I use another external service to store my data. What should I do?

We recommend that you migrate to Box as the service offers unlimited, backed-up storage at no cost to you. If you use Box to collaborate with a group, the data is retained even when colleagues who originally created it leave the College. The College is working with Box to make new features available to help you manage your data.

Publication

What is a data access statement?

All research publications produced by Imperial authors must include a statement on how the underlying data can be accessed (a ‘data access statement’). This is in line with RCUK and individual funder policies.

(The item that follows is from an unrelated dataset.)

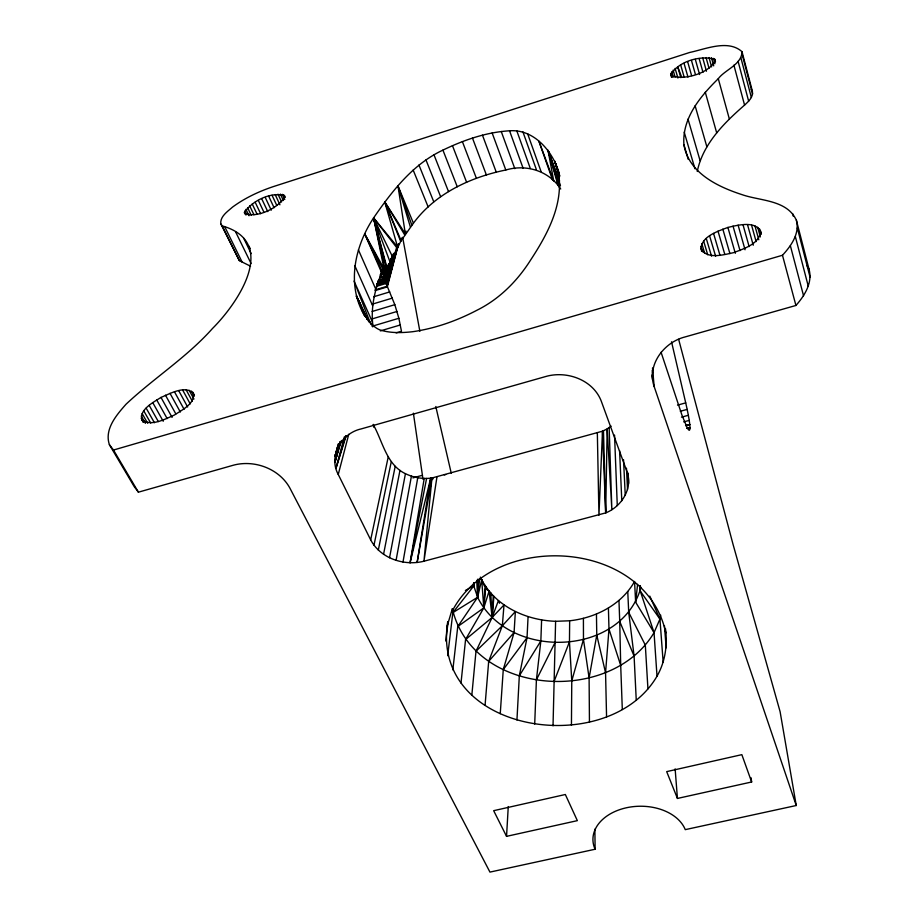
<?xml version="1.0" encoding="UTF-8"?>
<svg xmlns="http://www.w3.org/2000/svg" width="918" height="918" viewBox="0 0 918 918"><rect width="100%" height="100%" fill="white"/><g stroke="black" fill="none" stroke-linecap="round" stroke-linejoin="round"><path stroke-width="1.38" d="M641.016 587.233C621.452 657.299 508.342 660.375 477.624 597.274L477.693 579.189M571.444 725.209L571.765 680.904L569.458 641.843L569.665 620.786C595.553 617.917 621.509 604.778 634.556 581.473L635.646 602.185L654.041 632.64L657.013 676.187C608.175 760.138 430.106 733.528 447.686 621.934M372.926 325.752C370.516 307.668 374.877 289.445 381.681 272.738L383.242 269.628L390.357 262.858L391.814 257.373L388.716 266.599L384.642 267.849L388.853 266.495L400.673 241.388L413.433 223.189C435.316 193.468 470.498 177.22 505.807 170.002C526.335 163.897 548.884 170.863 560.726 189.005M609.15 427.685L611.858 509.651L607.177 428.901L602.495 431.196L605.685 512.898C621.647 506.656 633.259 488.158 626.833 471.255L601.301 401.235C593.12 379.754 566.75 370.367 545.602 376.552L361.026 428.958C341.519 433.216 328.162 456.166 338.249 474.468L370.677 539.876C380.477 558.477 404.207 566.28 423.944 561.219L605.685 512.898L607.177 428.901L611.124 426.124M452.344 608.714C472.586 695.959 610.504 705.735 654.041 632.64L640.294 591.112L640.362 586.866M553.026 725.828L555.608 621.302C525.739 620.304 494.022 605.846 480.745 577.789M220.768 223.82L222.225 225.874C279.175 242.341 238.037 303.055 212.563 328.414C186.893 357.263 153.972 377.986 126.007 404.253C116.483 415.039 104.193 429.234 109.391 444.668L134.143 486.506L138.411 492.174L233.459 465.185C254.424 459.551 279.164 468.65 289.813 487.963L489.948 872.1L595.116 849.242A47.036 32.669 -1.2 0 1 626.558 807.737A47.036 32.669 -1.2 0 1 685.264 829.642L796.25 805.511L654.155 386.512C646.685 364.767 664.047 342.184 685 336.963L795.929 305.464C804.547 295.734 812.74 282.859 809.056 269.33L796.388 220.274C787.105 199.734 760.253 201.042 742.077 194.662C717.624 186.733 688.661 172.894 683.921 144.723C681.936 118.192 700.526 96.126 718.289 78.684C725.013 69.642 741.847 64.593 741.996 51.672C728.089 39.233 705.793 49.067 689.728 52.452L273.334 186.606C258.853 191.449 244.831 198.036 232.506 207.124C227.607 211.496 220.056 216.361 220.768 223.82L239.38 260.666L250.545 266.197M701.627 251.371C698.426 237.337 717.681 231.313 727.894 227.434C738.095 225.094 757.522 219.804 761.366 233.677M534.701 724.072L536.41 679.813L540.851 640.959L541.609 619.914M452.838 669.865L457.761 626.546L477.624 597.274L473.78 585.936L473.883 583.102M447.686 655.704L452.838 612.65L473.78 585.936L473.895 583.217M559.372 174.477C553.795 152.319 534.379 128.841 509.547 130.792C486.253 132.226 463.797 140.006 442.924 150.116C412.882 164.115 391.929 191.277 373.592 217.91C354.692 246.46 346.247 284.867 364.618 315.803M143.254 422.36C136.254 411.057 153.203 402.417 160.994 397.425C170.369 393.547 186.859 383.931 194.432 394.809M516.949 719.987L519.324 675.797L527.047 637.654L528.068 616.655M493.276 595.759L492.14 617.458L475.994 651.218L471.852 694.972M452.838 612.65L477.624 597.274L478.622 579.442M396.128 332.901L401.476 331.318L398.871 318.282L394.82 304.684L384.791 280.369L384.355 273.392L385.835 267.941L384.355 273.392L380.224 274.574M485.094 585.477L486.873 589.367L485.094 585.477L483.82 607.877L465.575 639.525L460.997 683.072M506.552 836.355L493.666 810.686L565.339 794.506L577.353 820.646L506.552 836.355L508.262 806.555M500.253 713.665L503.271 669.589L514.08 632.548L515.365 611.583L502.33 625.755L475.994 651.218M606.568 716.958L605.559 672.756L608.978 629.06L608.416 608.106M485.071 705.254L488.686 661.327L502.33 625.755L503.993 604.962L492.14 617.458L465.575 639.525M493.907 596.356L492.14 617.458L498.394 600.636L499.507 603.252M670.76 74.633C678.574 61.357 700.136 55.08 714.743 59.234L715.409 60.347C709.27 73.302 684.484 80.589 671.31 75.781L670.76 74.633L671.54 77.307M476.752 580.325L477.624 597.274L479.529 578.478M465.392 590.458L473.78 585.936L474.067 583.114M635.646 602.185L637.574 584.364M447.158 626.179L452.287 608.898M445.746 640.994L448.133 621.681M436.957 476.947L423.944 561.219L431.942 478.003L602.495 431.196L598.949 515.205L597.343 432.963M433.204 478.817L430.691 478.106L417.128 562.482L431.942 478.003C422.923 479.299 413.616 477.635 405.435 473.688C386.26 464.6 382.714 441.168 373.156 424.46M430.691 478.106L410.082 562.757L424.231 478.439M402.991 562.045L417.747 477.773M589.448 722.236L589.104 677.966L596.769 635.107L596.448 614.108M396.083 560.359L411.413 476.167M389.542 557.742L405.435 473.688M383.563 554.288L399.973 470.395M410.082 562.757L426.595 478.45M654.041 632.64L659.939 619.076L660.719 615.186M378.319 550.077L395.199 466.378M657.013 676.187C665.252 661.763 667.604 645.021 665.493 628.692M373.982 545.223L391.263 461.765M370.677 539.876L388.28 456.682M381.681 272.738L364.744 233.941L384.034 268.744L373.592 217.91L397.058 248.044L397.666 245.278M477.624 597.274L481.686 579.774L484.532 586.361M109.391 444.668L113.499 450.038L782.48 255.261C791.064 245.944 799.911 233.631 796.388 220.274M401.304 238.657L400.673 241.388L384.722 201.868L405.331 233.872L406.008 231.129M381.039 272.026L385.112 270.776L390.357 262.858L391.355 258.669M377.332 285.131L385.445 282.411L391.034 259.14M382.726 269.376L386.845 268.171L390.357 262.858L391.699 257.315M401.797 237.9L401.132 240.642L384.722 201.868L404.7 234.882M397.058 248.044L397.735 245.278M377.011 284.087L385.021 281.103L389.117 264.51M377.08 283.8L385.021 281.103L389.507 263.282M377.929 282.446L384.791 280.369L388.945 263.971M392.835 255.858L385.801 283.559L376.265 286.45M393.547 253.391L385.801 283.559L396.737 247.217M391.642 259.76L392.709 255.663M697.255 171.482C702.913 143.862 724.107 122.966 744.567 105.1C748.445 101.519 753.598 96.975 752.347 91.1L741.996 51.672M388.153 265.635L384.562 279.393L377.723 281M338.249 474.468L348.76 434.294M398.469 244.234L387.316 286.898L375.233 290.558M380.098 277.397L384.183 276.329L386.375 268.01L384.183 276.329L380.109 277.569M374.923 289.95L387.029 286.278L397.953 244.876M340.578 441.581L334.863 462.224L340.326 441.65L334.863 462.224L341.439 440.491M385.445 282.411L392.64 255.25M380.178 275.377L384.298 274.275L385.767 268.802M346.12 436.004L335.931 468.444L344.33 436.899M387.373 267.127L384.412 278.154L378.95 279.588M384.355 273.392L385.881 268.056M384.298 274.275L385.789 268.79M387.029 286.278L398.412 244.085M338.558 443.784L335.093 456.016L337.698 446.412M334.863 462.224L340.475 441.765M335.093 456.016L338.524 443.612M384.183 276.329L380.075 277.27L384.183 276.329L386.489 268.113M571.765 680.904L583.469 639.41L583.412 618.365M335.931 468.444L345.673 435.832M490.327 593.625L489.133 591.02L483.82 607.877L457.761 626.546M244.452 212.299C252.427 200.686 270.959 191.541 284.66 195.741L284.913 196.865C277.741 208.306 257.545 218.3 244.613 213.458L244.452 212.299L245.691 214.869M554.047 681.535L569.458 641.843M536.41 679.813L555.126 642.37M451.943 611.709C493.436 529.72 645.813 538.877 665.837 632.961M519.324 675.797L540.851 640.959M503.271 669.589L527.047 637.654M488.686 661.327L514.08 632.548M380.763 270.833L386.157 269.031L380.752 270.684M386.306 267.058L383.563 267.907L386.306 267.058L373.592 217.91L397.609 247.034L398.32 244.291L397.609 247.034L384.722 201.868M376.873 283.582L385.021 281.103M373.672 296.766L389.748 291.913M383.552 268.584L388.853 266.495L386.753 266.805L373.592 217.91L392.709 257.166M372.329 304.145L392.376 298.109M372.123 311.489L394.82 304.684M371.652 319.051L397.001 311.466M372.18 326.234L398.871 318.282M380.339 330.905L400.374 324.961M377.998 282.262L384.791 280.369L377.906 281.826M412.916 477.899L422.418 475.283L413.387 413.18M677.507 405.136L685.712 402.876L671.54 341.817M680.307 411.275L687.169 409.394L685.712 402.876M681.466 417.174L688.351 415.292L687.169 409.394M683.703 421.89L689.234 420.387L688.351 415.292M685.723 425.642L689.785 424.552L689.234 420.387M687.284 428.373L689.992 427.65L689.785 424.552L685.585 425.286M444.266 474.95L445.678 474.572M377.998 282.067L384.791 280.369M685.608 425.55L689.785 424.552M751.647 781.987L741.847 754.653L666.686 771.625L677.438 798.442L751.647 781.987L751.062 777.775M687.18 428.213L689.992 427.65L689.831 429.59L689.315 430.29L688.443 429.727L687.238 427.88L681.982 415.2L661.075 352.271M555.608 621.302L569.665 620.786M364.584 315.7L362.277 310.582C367.728 318.535 372.387 328.575 382.795 330.755C392.548 333.211 402.681 332.821 412.595 331.719C435.155 328.506 456.877 320.761 477.004 310.215C499.461 299.05 517.35 281.023 530.673 259.955C547.289 234.583 563.377 204.966 558.626 173.582L559.567 176.199M141.854 419.916C151.734 426.686 164.861 419.182 174.454 414.993C181.879 410.002 196.245 403.151 193.101 392.353M639.961 585.661L640.294 591.112L659.939 619.076L663.175 662.383M751.222 89.436L752.347 91.1M113.499 450.038L138.411 492.174M141.142 418.138L143.242 421.798M142.152 413.582L147.683 423.313M141.246 416.003L145.423 423.313M143.816 410.943L150.701 423.083M146.18 408.177L154.419 422.728M149.186 405.366L158.332 421.58M152.721 402.577L163.232 421.282M156.703 399.904L167.156 418.597M160.994 397.425L172.091 417.369M165.469 395.21L175.831 413.915M170.002 393.329L180.33 412.033M174.477 391.814L184.082 409.302M178.746 390.724L187.639 406.984M182.693 390.104L190.21 403.874M189.154 390.276L193.939 399.078M186.193 389.943L192.344 401.246M807.14 265.772L809.056 269.33M191.483 391.091L194.214 396.128M383.242 269.628L364.744 233.941L382.232 271.487M627.763 591.571L628.715 612.375L645.32 645.102L647.936 688.867M225.002 227.285L242.191 262.227M222.225 225.874L239.38 260.666M235.616 231.887L251.073 263.535M248.996 246.185L250.224 248.698M243.683 238.187L251.176 253.586M368.898 321.966L356.482 296.112L365.444 316.733M245.955 209.338L249.03 215.741M244.911 210.911L246.758 214.755M249.685 205.839L253.953 214.778M247.562 207.629L251.245 215.305M252.243 204.003L257.109 214.215M258.383 200.468L263.81 211.955M255.17 202.201L260.62 213.687M261.768 198.873L267.781 211.622M265.245 197.439L271.246 210.199M268.699 196.222L274.08 207.72M275.171 194.57L279.933 204.806M272.038 195.259L276.823 205.483M367.349 319.533L356.482 296.112L365.043 315.746M280.415 194.1L283.387 200.526M277.982 194.18L281.562 201.868M487.619 590.366L485.806 586.464L483.82 607.877L481.686 579.774M283.8 194.903L284.993 197.473M282.365 194.341L284.752 199.493M367.223 319.464L356.482 296.112L365.054 315.631M491.922 595.472L490.751 592.867L492.14 617.458L489.133 591.02M365.8 316.767L356.482 296.112L365.272 315.689M372.352 321.816L354.061 281.092L370.826 324.421M371.641 324.329L372.823 326.934M354.773 265.635L372.639 305.683M649.795 596.092L659.939 619.076M358.41 249.88L375.818 289.285M480.63 577.881L482.902 583.125M480.366 577.101L483.212 583.687M618.962 600.533L619.73 621.417L634.097 656.118L636.243 700.067M413.433 223.189L397.976 185.895L405.331 233.872M413.169 170.048L428.144 206.929M418.952 164.999L433.755 201.776M700.801 248.629C706.963 259.679 723.407 254.814 733.402 252.702C743.706 248.812 759.794 243.947 760.62 230.969M425.963 159.904L440.606 196.613M434.019 154.912L448.512 191.564M442.924 150.116L457.256 186.756M452.459 145.652L466.631 182.303M681.684 77.181L677.668 66.67L680.846 77.663M462.385 141.613L476.408 178.322M559.544 180.949L548.035 150.426L553.761 181.041L538.935 141.257L552.544 179.951M472.472 138.09L486.356 174.879M482.466 135.187L496.236 172.091M390.357 262.858L373.592 217.91L384.791 267.895M492.14 132.961L505.807 170.002M501.239 131.481L514.826 168.683M509.547 130.792L523.076 168.178M516.834 130.918L530.329 168.499M522.916 131.871L536.399 169.658M527.586 133.638L541.092 171.655M411.826 225.117L397.976 185.895L410.357 226.93M559.36 174.512L554.667 161.189L559.464 177.048M559.314 174.409L554.667 161.189L559.406 176.004M560.473 185.849L548.035 150.426L558.087 185.551M559.395 174.718L554.667 161.189L559.716 175.717M558.626 173.582L559.544 176.21M559.337 182.808L548.035 150.426L559.28 187.111M608.978 629.06L620.706 665.424L622.312 709.511M703.658 241.147L707.721 254.768M701.834 243.775L704.691 253.322M700.87 246.299L702.511 251.762M706.275 238.496L711.53 256.179M683.921 144.723L688.259 159.399M709.614 235.903L715.638 256.283M684.208 132.146L694.96 168.774M713.561 233.424L719.941 255.17M671.666 71.765L673.215 77.089M718.014 231.152L724.75 254.252M670.874 73.279L672.045 77.284M675.109 68.402L677.909 78.03M688.018 119.11L700.067 160.616M673.089 70.124L675.097 77.009M722.833 229.133L729.913 253.609M695.121 105.765L706.86 146.777M727.894 227.434L735.318 253.299M680.674 64.96L684.231 77.33M687.685 61.827L691.598 75.586M733.034 226.103L740.023 250.637M684.048 63.331L687.972 77.078M738.118 225.174L745.06 249.765M691.484 60.496L695.374 74.266M742.995 224.692L749.134 246.598M705.288 92.248L716.683 132.835M695.328 59.372L699.596 74.53M747.516 224.658L753.253 245.232M699.114 58.5L702.981 72.293M751.555 225.082L756.122 241.583M702.729 57.88L706.447 71.225M709.017 57.536L711.599 66.911M754.975 225.954L758.784 239.747M706.068 57.559L709.029 68.253M714.743 59.234L715.478 61.931M713.424 58.385L714.904 63.767M759.588 228.938L761.068 234.331M718.289 78.684L729.317 118.904M711.496 57.811L713.711 65.867M757.694 227.251L760.345 236.924M733.907 65.167L744.567 105.1M782.48 255.261L795.929 305.464M738.095 61.357L748.652 101.198M742.18 54.506L752.588 94.095M740.883 57.765L751.349 97.492M790.375 245.749L803.548 295.745M792.601 213.55L793.301 216.246M795.344 236.58L808.299 286.313M797.34 228.008L810.124 277.431M678.643 339.304L732.989 544.167L780.105 711.702L796.25 805.511M451.254 473.229L435.798 406.513M596.769 635.107L605.559 672.756M419.859 331.295L402.646 237.303M583.469 639.41L589.104 677.966M373.488 424.506L373.867 427.318M628.715 612.375L634.097 656.118M422.418 475.283L422.877 479.162M473.481 583.332L473.78 585.936M652.216 370.402L652.468 373.201M652.514 367.957L654.155 386.512M652.273 375.68L652.652 379.96L652.228 374.314M664.425 625.617L666.17 647.833M675.132 768.882L677.438 798.442M628.13 473.068L628.589 483.453M626.466 468.226L627.533 489.535M623.54 459.723L625.25 495.353M619.593 450.692L621.784 500.758M614.544 435.075L617.275 505.566M640.098 585.592L640.294 591.112M603.47 430.726L605.685 512.898M619.73 621.417L620.706 665.424M594.875 829.161L595.116 849.242M386.421 268.595L382.324 269.777L386.421 268.595M384.653 272.348L380.603 273.587L384.653 272.348M689.992 427.65L687.238 428.339L689.992 427.65"/></g></svg>

The College provides guidance and templates for data access statements.

Where can I publish my data?

The most straightforward way to make data available is to deposit it in a public repository (also known as an archive or data centre). In many cases, this will also meet the requirement to archive your data for the long term. Most data repositories will give you a Digital Object Identifier (DOI) for your dataset, enabling it to be cited and tracked like a regular publication. The College provides guidance on identifying a suitable data repository.

Does the College have a data repository or catalogue?

There are currently no plans for the College to develop its own data repository; instead we recommend suitable external solutions. Spiral, the College’s open access repository, is currently being enhanced to act as a data catalogue: while it won’t hold the data, it will point to the repository where data is stored. Adding information about your datasets and software to your Symplectic profile ensures that your outputs will be featured when the Spiral upgrade work will be finished in late autumn 2015.

Do I have to publish all my data?

Funders require that all data required to validate published research has to be made public. This is usually only a subset of the data created by a project, and funders accept that academics will evaluate this in line with disciplinary practice. Funders, and the College, also recognise that not all data can be made publicly available, for example where patient or other sensitive data is concerned or where data cannot be shared for legal reasons.

When should I publish my data?

Data should be made available when the research that it supports is published. In some cases it may be necessary to embargo the data for a reasonable period, for example when other outputs based on the data have not yet been published. The College recognises the PI’s entitlement to be the first to publish based on data they have generated. If the PI will not be able to publish their findings by the funder’s deadline for data sharing, the PI should request an extension of the embargo period from the funder.